Comment 12 Agostino Sarubbo gentoo-dev 2011-11-15 15:07:45 UTC
no, already 3.0.3 is unaffected
Comment 13 Jeroen Roovers (RETIRED) gentoo-dev 2011-11-15 16:55:47 UTC
(In reply to comment #12)
> no, already 3.0.3 is unaffected

Then why were both 3.1s marked stable for amd64?
Comment 14 Tony Vroon (RETIRED) gentoo-dev 2011-11-15 17:48:42 UTC
(In reply to comment #13)
> Then why were both 3.1s marked stable for amd64?
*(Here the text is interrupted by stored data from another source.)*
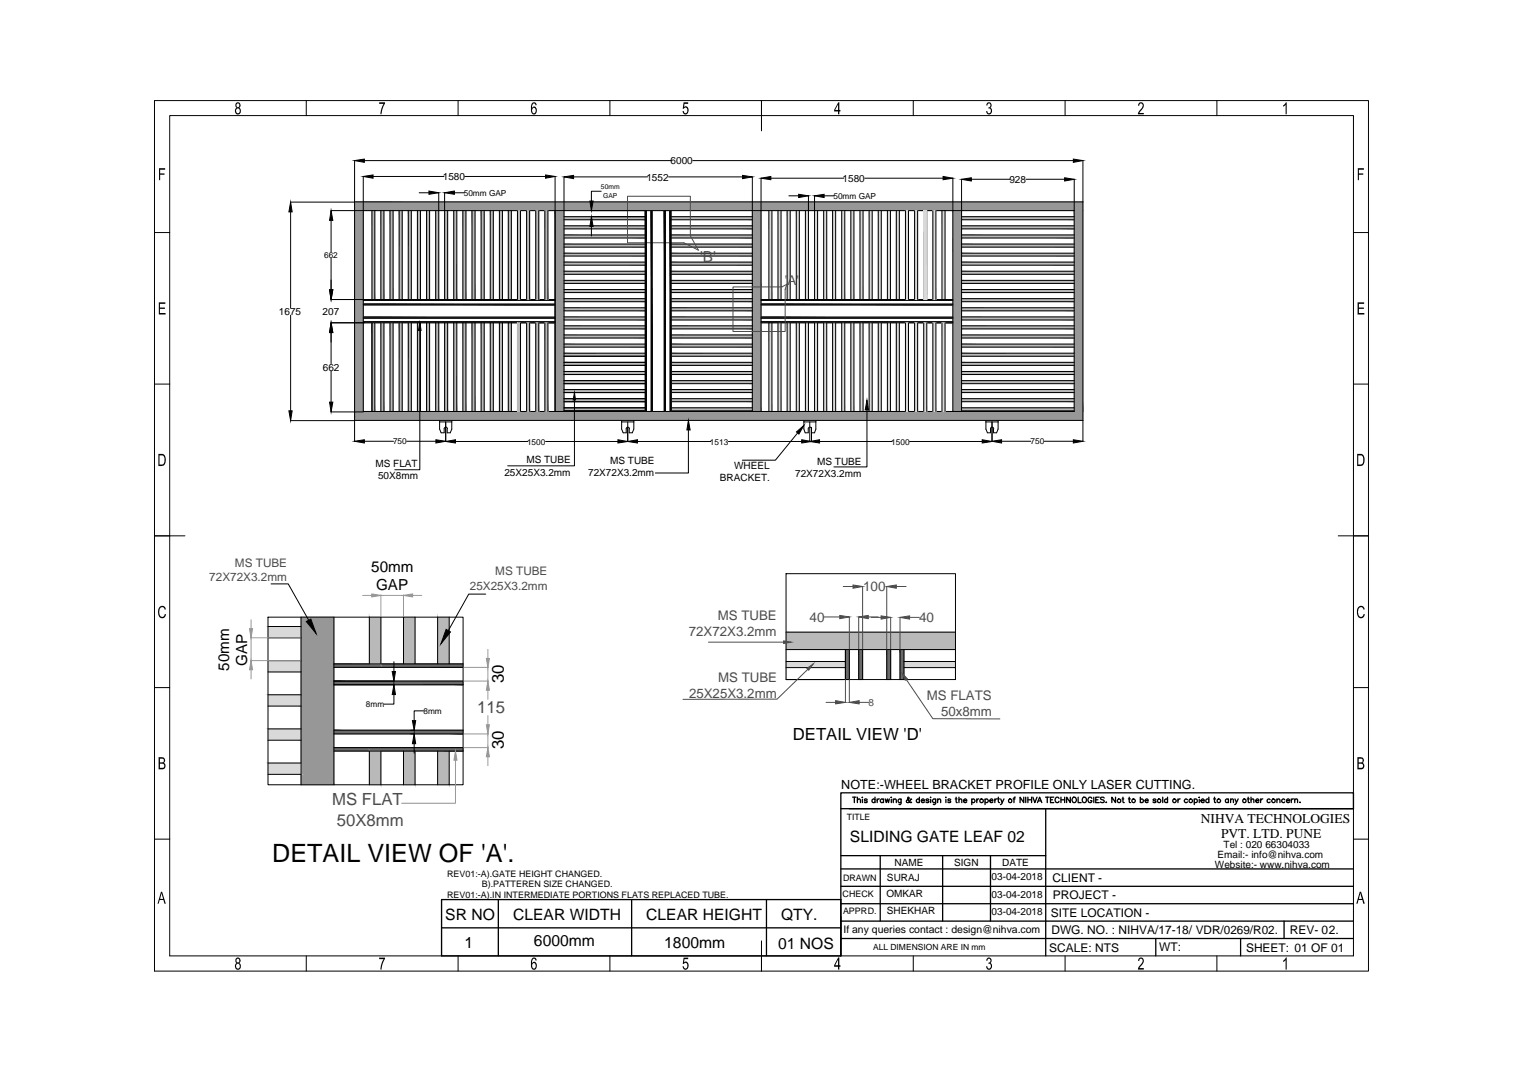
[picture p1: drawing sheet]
<svg xmlns="http://www.w3.org/2000/svg" width="297mm" height="210mm" viewBox="0 0 297 210" stroke-linecap="round" stroke-linejoin="round" font-family="sans-serif">
<!-- layer: 0 -->
<g fill="#b9b9b9" stroke="#b9b9b9" stroke-width=".19">
<path d="M153 126.5v5.8z"/>
<path d="M186 126.5v5.8z"/>
<path d="M109.8 77.6v.6h15.8zM109.8 77.6h15.8v.6z"/>
<path d="M98.9 41v17.3h.6zM98.9 41h.6v17.3z"/>
<path d="M97.2 41v17.3h.6zM97.2 41h.6v17.3z"/>
<path d="M95.4 41v17.3h.6zM95.4 41h.6v17.3z"/>
<path d="M93.7 41v17.3h.5zM93.7 41h.5v17.3z"/>
<path d="M91.9 41v17.3h.6zM91.9 41h.6v17.3z"/>
<path d="M90.1 41v17.3h.6zM90.1 41h.6v17.3z"/>
<path d="M88.3 41v17.3h.6zM88.3 41h.6v17.3z"/>
<path d="M86.5 41v17.3h.6zM86.5 41h.6v17.3z"/>
<path d="M84.8 41v17.3h.6zM84.8 41h.6v17.3z"/>
<path d="M83 41v17.3h.6zM83 41h.6v17.3z"/>
<path d="M81.3 41v17.3h.5zM81.3 41h.5v17.3z"/>
<path d="M98.9 62.9v17.2h.6zM98.9 62.9h.6v17.2z"/>
<path d="M97.2 62.9v17.2h.6zM97.2 62.9h.6v17.2z"/>
<path d="M95.4 62.9v17.2h.6zM95.4 62.9h.6v17.2z"/>
<path d="M93.7 62.9v17.2h.5zM93.7 62.9h.5v17.2z"/>
<path d="M91.9 62.9v17.2h.6zM91.9 62.9h.6v17.2z"/>
<path d="M90.1 62.9v17.2h.6zM90.1 62.9h.6v17.2z"/>
<path d="M88.3 62.9v17.2h.6zM88.3 62.9h.6v17.2z"/>
<path d="M86.5 62.9v17.2h.6zM86.5 62.9h.6v17.2z"/>
<path d="M84.8 62.9v17.2h.6zM84.8 62.9h.6v17.2z"/>
<path d="M83 62.9v17.2h.6zM83 62.9h.6v17.2z"/>
<path d="M81.3 62.9v17.2h.5zM81.3 62.9h.5v17.2z"/>
<path d="M79.5 41v17.3h.6zM79.5 41h.6v17.3z"/>
<path d="M77.7 41v17.3h.6zM77.7 41h.6v17.3z"/>
<path d="M75.9 41v17.3h.6zM75.9 41h.6v17.3z"/>
<path d="M74.1 41v17.3h.6zM74.1 41h.6v17.3z"/>
<path d="M72.4 41v17.3h.6zM72.4 41h.6v17.3z"/>
<path d="M79.5 62.9v17.2h.6zM79.5 62.9h.6v17.2z"/>
<path d="M77.7 62.9v17.2h.6zM77.7 62.9h.6v17.2z"/>
<path d="M75.9 62.9v17.2h.6zM75.9 62.9h.6v17.2z"/>
<path d="M74.1 62.9v17.2h.6zM74.1 62.9h.6v17.2z"/>
<path d="M72.4 62.9v17.2h.6zM72.4 62.9h.6v17.2z"/>
<path d="M130.6 45.7v.6h15.8zM130.6 45.7h15.8v.6z"/>
<path d="M130.6 49.3v.6h15.8zM130.6 49.3h15.8v.6z"/>
<path d="M109.8 49.3v.6h15.8zM109.8 49.3h15.8v.6z"/>
<path d="M78.5 146.2v6.6h2.3zM78.5 146.2h2.3v6.6z"/>
<path d="M85.2 146.2v6.6h2.2zM85.2 146.2h2.2v6.6z"/>
<path d="M85.2 120.2v9.1h2.2zM85.2 120.2h2.2v9.1z"/>
<path d="M78.5 120.2v9.1h2.3zM78.5 120.2h2.3v9.1z"/>
<path d="M71.9 120.2v9.1h2.2zM71.9 120.2h2.2v9.1z"/>
<path d="M71.9 146.2v6.6h2.2zM71.9 146.2h2.2v6.6z"/>
<path d="M187.2 42.2v.6h21.9zM187.2 42.2h21.9v.6z"/>
<path d="M187.2 44v.6h21.9zM187.2 44h21.9v.6z"/>
<path d="M187.2 45.7v.6h21.9zM187.2 45.7h21.9v.6z"/>
<path d="M187.2 47.5v.6h21.9zM187.2 47.5h21.9v.6z"/>
<path d="M187.2 49.3v.6h21.9zM187.2 49.3h21.9v.6z"/>
<path d="M187.2 51v.6h21.9zM187.2 51h21.9v.6z"/>
<path d="M187.2 52.8v.6h21.9zM187.2 52.8h21.9v.6z"/>
<path d="M187.2 54.6v.6h21.9zM187.2 54.6h21.9v.6z"/>
<path d="M187.2 56.4v.6h21.9zM187.2 56.4h21.9v.6z"/>
<path d="M187.2 58.2v.5h21.9zM187.2 58.2h21.9v.5z"/>
<path d="M187.2 59.9v.6h21.9zM187.2 59.9h21.9v.6z"/>
<path d="M187.2 61.7v.6h21.9zM187.2 61.7h21.9v.6z"/>
<path d="M187.2 63.4v.6h21.9zM187.2 63.4h21.9v.6z"/>
<path d="M187.2 65.2v.6h21.9zM187.2 65.2h21.9v.6z"/>
<path d="M187.2 67v.6h21.9zM187.2 67h21.9v.6z"/>
<path d="M187.2 68.8v.6h21.9zM187.2 68.8h21.9v.6z"/>
<path d="M187.2 70.6v.5h21.9zM187.2 70.6h21.9v.5z"/>
<path d="M187.2 72.3v.6h21.9zM187.2 72.3h21.9v.6z"/>
<path d="M187.2 74.1v.6h21.9zM187.2 74.1h21.9v.6z"/>
<path d="M187.2 75.8v.6h21.9zM187.2 75.8h21.9v.6z"/>
<path d="M187.2 77.6v.6h21.9zM187.2 77.6h21.9v.6z"/>
<path d="M187.2 79.4v.6h21.9zM187.2 79.4h21.9v.6z"/>
<path d="M109.8 75.8v.6h15.8zM109.8 75.8h15.8v.6z"/>
<path d="M109.8 79.4v.6h15.8zM109.8 79.4h15.8v.6z"/>
<path d="M130.6 79.4v.6h15.8zM130.6 79.4h15.8v.6z"/>
<path d="M130.6 77.6v.6h15.9zM130.6 77.6h15.9v.6z"/>
<path d="M130.6 75.8v.6h15.9zM130.6 75.8h15.9v.6z"/>
<path d="M130.6 74.1v.6h15.9zM130.6 74.1h15.9v.6z"/>
<path d="M109.8 74.1v.6h15.8zM109.8 74.1h15.8v.6z"/>
<path d="M109.8 72.3v.6h15.8zM109.8 72.3h15.8v.6z"/>
<path d="M130.6 72.3v.6h15.8zM130.6 72.3h15.8v.6z"/>
<path d="M130.6 70.6v.5h15.8zM130.6 70.6h15.8v.5z"/>
<path d="M109.8 70.6v.5h15.8zM109.8 70.6h15.8v.5z"/>
<path d="M109.8 68.8v.6h15.8zM109.8 68.8h15.8v.6z"/>
<path d="M130.6 67v.6h15.8zM130.6 67h15.8v.6z"/>
<path d="M109.8 67v.6h15.8zM109.8 67h15.8v.6z"/>
<path d="M130.6 63.4v.6h15.8zM130.6 63.4h15.8v.6z"/>
<path d="M130.6 65.2v.6h15.8zM130.6 65.2h15.8v.6z"/>
<path d="M109.8 65.2v.6h15.8zM109.8 65.2h15.8v.6z"/>
<path d="M109.8 63.4v.6h15.8zM109.8 63.4h15.8v.6z"/>
<path d="M109.8 61.7v.6h15.8zM109.8 61.7h15.8v.6z"/>
<path d="M130.6 61.7v.6h15.8zM130.6 61.7h15.8v.6z"/>
<path d="M130.6 59.9v.6h15.8zM130.6 59.9h15.8v.6z"/>
<path d="M109.8 59.9v.6h15.8zM109.8 59.9h15.8v.6z"/>
<path d="M109.8 58.2v.5h15.8zM109.8 58.2h15.8v.5z"/>
<path d="M130.6 58.2v.5h15.8zM130.6 58.2h15.8v.5z"/>
<path d="M130.6 56.4v.6h15.8zM130.6 56.4h15.8v.6z"/>
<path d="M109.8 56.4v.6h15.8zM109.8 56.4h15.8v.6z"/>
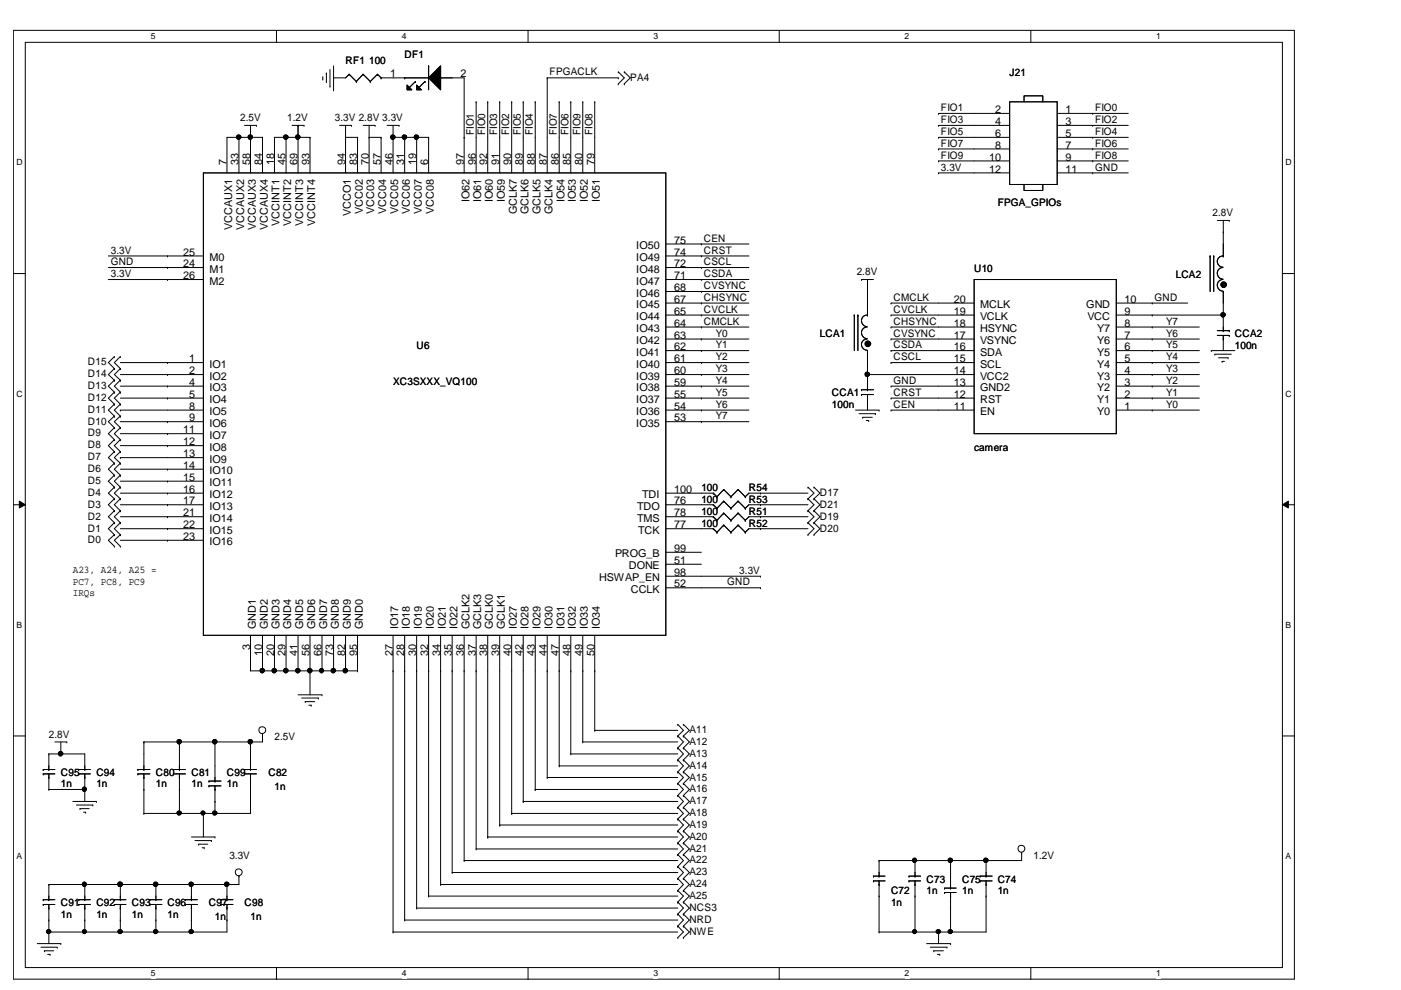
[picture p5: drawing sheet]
<svg xmlns="http://www.w3.org/2000/svg" width="297mm" height="210mm" viewBox="0 0 297 210" stroke-linecap="round" stroke-linejoin="round" font-family="sans-serif">
<path d="M2.8 6.4h271.6v201.2h-271.6zM5.4 9h266.5v196.1h-266.5z" fill="none" stroke="#000" stroke-width=".21"/>
<g fill="#fff">
<path d="M31.9 6.7h1.1v2h-1.1z"/>
<path d="M31.9 205.4h1.1v2h-1.1z"/>
</g>
<path d="M58.6 6.4v2.6M58.6 205.1v2.6" fill="none" stroke="#000" stroke-width=".21"/>
<g fill="#fff">
<path d="M85.2 6.7h1v2h-1z"/>
<path d="M85.2 205.4h1v2h-1z"/>
</g>
<path d="M112 6.4v2.6M112 205.1v2.6" fill="none" stroke="#000" stroke-width=".21"/>
<g fill="#fff">
<path d="M138.5 6.7h1.1v2h-1.1z"/>
<path d="M138.5 205.4h1.1v2h-1.1z"/>
</g>
<path d="M165.2 6.4v2.6M165.2 205.1v2.6" fill="none" stroke="#000" stroke-width=".21"/>
<g fill="#fff">
<path d="M191.8 6.7h1v2h-1z"/>
<path d="M191.8 205.4h1v2h-1z"/>
</g>
<path d="M218.6 6.4v2.6M218.6 205.1v2.6" fill="none" stroke="#000" stroke-width=".21"/>
<g fill="#fff">
<path d="M245.1 6.7h1.1v2h-1.1z"/>
<path d="M245.1 205.4h1.1v2h-1.1z"/>
<path d="M3.5 33.4h1.3v2.1h-1.3z"/>
<path d="M272.6 33.4h1.2v2.1h-1.2z"/>
<path d="M3.5 82.5h1.3v2h-1.3z"/>
<path d="M272.6 82.5h1.2v2h-1.2z"/>
</g>
<path d="M2.8 58h2.6M271.9 58h2.5" fill="none" stroke="#000" stroke-width=".21"/>
<g fill="#fff">
<path d="M3.5 131.5h1.2v2h-1.2z"/>
<path d="M272.6 131.5h1.2v2h-1.2z"/>
</g>
<path d="M2.8 107h2.6M4.1 106.3l1.3 .7-1.3 .7zM271.9 107l1.3-.7v1.4zM271.9 107h2.5" fill="none" stroke="#000" stroke-width=".21"/>
<path d="M4.1 106.3l1.3 .7-1.3 .7zM271.9 107l1.3-.7v1.4z" fill="#000"/>
<g fill="#fff">
<path d="M3.5 180.5h1.1v2h-1.1z"/>
<path d="M272.6 180.5h1.1v2h-1.1z"/>
</g>
<g fill="none" stroke="#000" stroke-width=".21">
<path d="M68.4 16.8h.1M68.4 16.3v.5M69.2 15.5h.1M69.2 15.5v2M70 18.3h.1M70 14.7v3.6M70.7 19h.1M70.7 14v5M74 15.7h.1M74 15.7l-.7 .8h-2.6M74 15.7l1.6 1.6M75.6 17.3h.1"/>
<path d="M77 15.7h.1M77 15.7l-1.4 1.6M77 15.7l1.5 1.6M78.5 17.3h.1M80 15.7h.1M80 15.7l-1.5 1.6M80 15.7l.8 .8M80.8 16.5h.1M80.8 16.5h10.1M85.8 16.5h.1M86.3 18l1 1h-1zM88.1 17.3h.1"/>
<path d="M88.1 17.3l-1.3 1.2M88.3 18l1.1 1h-1.1zM90.1 17.3h.1M90.1 17.3l-1.3 1.2M90.9 16.5l2.5-2.5v5zM90.9 14h.1M90.9 14v5M93.4 16.5h.1M93.4 16.5h5v20.2M116 16.5h.1M116 16.5v20.2M116 16.5h15.1"/>
<path d="M131.1 16.5h.1M131.1 17.8h.1M131.1 15.2h.1M131.1 15.2l1.3 1.3-1.3 1.3M132.4 17.8h.1M132.4 15.2h.1M132.4 15.2l1.2 1.3-1.2 1.3M43.1 36.7h98.1v98h-98.1zM50.7 29.1h.1M50.7 29.1v7.6M51.8 26.6h2.6M53.1 26.6h.1"/>
<path d="M53.1 29.1h.1M53.1 26.6v10.1M54.4 26.6h.1M55.7 29.1h.1M55.7 29.1h-7.6v7.6M55.7 29.1v7.6M60.6 29.1h.1M60.6 29.1v7.6M61.9 26.6h2.6M63.2 26.6h.1M63.2 29.1h.1M63.2 26.6v10.1"/>
<path d="M64.5 26.6h.1M65.7 29.1h.1M65.7 29.1h-7.5v7.6M65.7 29.1v7.6M72 26.6h2.5M73.3 29.1h.1M73.3 29.1h2.5M73.3 26.6v10.1M74.5 26.6h.1M75.8 29.1h.1M75.8 29.1v7.6M77 26.6h2.5"/>
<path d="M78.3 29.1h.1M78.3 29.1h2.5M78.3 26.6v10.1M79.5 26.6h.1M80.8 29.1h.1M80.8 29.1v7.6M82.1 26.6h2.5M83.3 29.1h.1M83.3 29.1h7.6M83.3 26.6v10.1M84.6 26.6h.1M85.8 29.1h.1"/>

Because of a significant amount of bug & stability fixes that have gone in since the 3.0 branch was closed. I do not believe that the modplug vulnerabilities in question were ever relevant to our in-tree copy, which had additional fixes applied and diverted from what upstream had put out.
However, if I am forced into an update, it might as well be one that benefits users. You are free to mark 3.0.3 instead if you disagree.
Comment 15 Jeroen Roovers (RETIRED) gentoo-dev 2011-11-15 18:08:39 UTC
So we should do this.

Arch teams, please test and mark stable:
=media-sound/audacious-3.1
=media-plugins/audacious-plugins-3.1
Target keywords : "alpha amd64 hppa ppc ppc64 sparc x86"
Comment 16 Jeroen Roovers (RETIRED) gentoo-dev 2011-11-15 18:28:03 UTC
Stable for HPPA.
Comment 17 Paweł Hajdan, Jr. (RETIRED) gentoo-dev 2011-12-07 13:48:23 UTC
x86 stable
Comment 18 Mark Loeser (RETIRED) gentoo-dev 2011-12-18 22:40:24 UTC
Fails to build on ppc/ppc64; bug #383991
Comment 19 Tobias Klausmann (RETIRED) gentoo-dev 2012-01-16 08:58:20 UTC
(In reply to comment #18)
> Fails to build on ppc/ppc64; bug #383991

ITYM bug 395213 

Also happens on Alpha, btw.
Comment 20 Tobias Klausmann (RETIRED) gentoo-dev 2012-01-17 13:22:52 UTC
Added code to fix the linker flag bug, stable on alpha.
Comment 21 Raúl Porcel (RETIRED) gentoo-dev 2012-02-19 15:33:11 UTC
sparc stable
Comment 22 Brent Baude (RETIRED) gentoo-dev 2012-03-10 17:00:53 UTC
ppc done
Comment 23 Brent Baude (RETIRED) gentoo-dev 2012-03-11 13:50:32 UTC
ppc64 done
Comment 24 Sean Amoss (RETIRED) gentoo-dev Security 2012-03-11 14:44:06 UTC
Thanks, everyone. Created new GLSA request.
Comment 25 GLSAMaker/CVETool Bot gentoo-dev 2012-03-16 11:27:51 UTC
This issue was resolved and addressed in
 GLSA 201203-14 at http://security.gentoo.org/glsa/glsa-201203-14.xml
by GLSA coordinator Sean Amoss (ackle).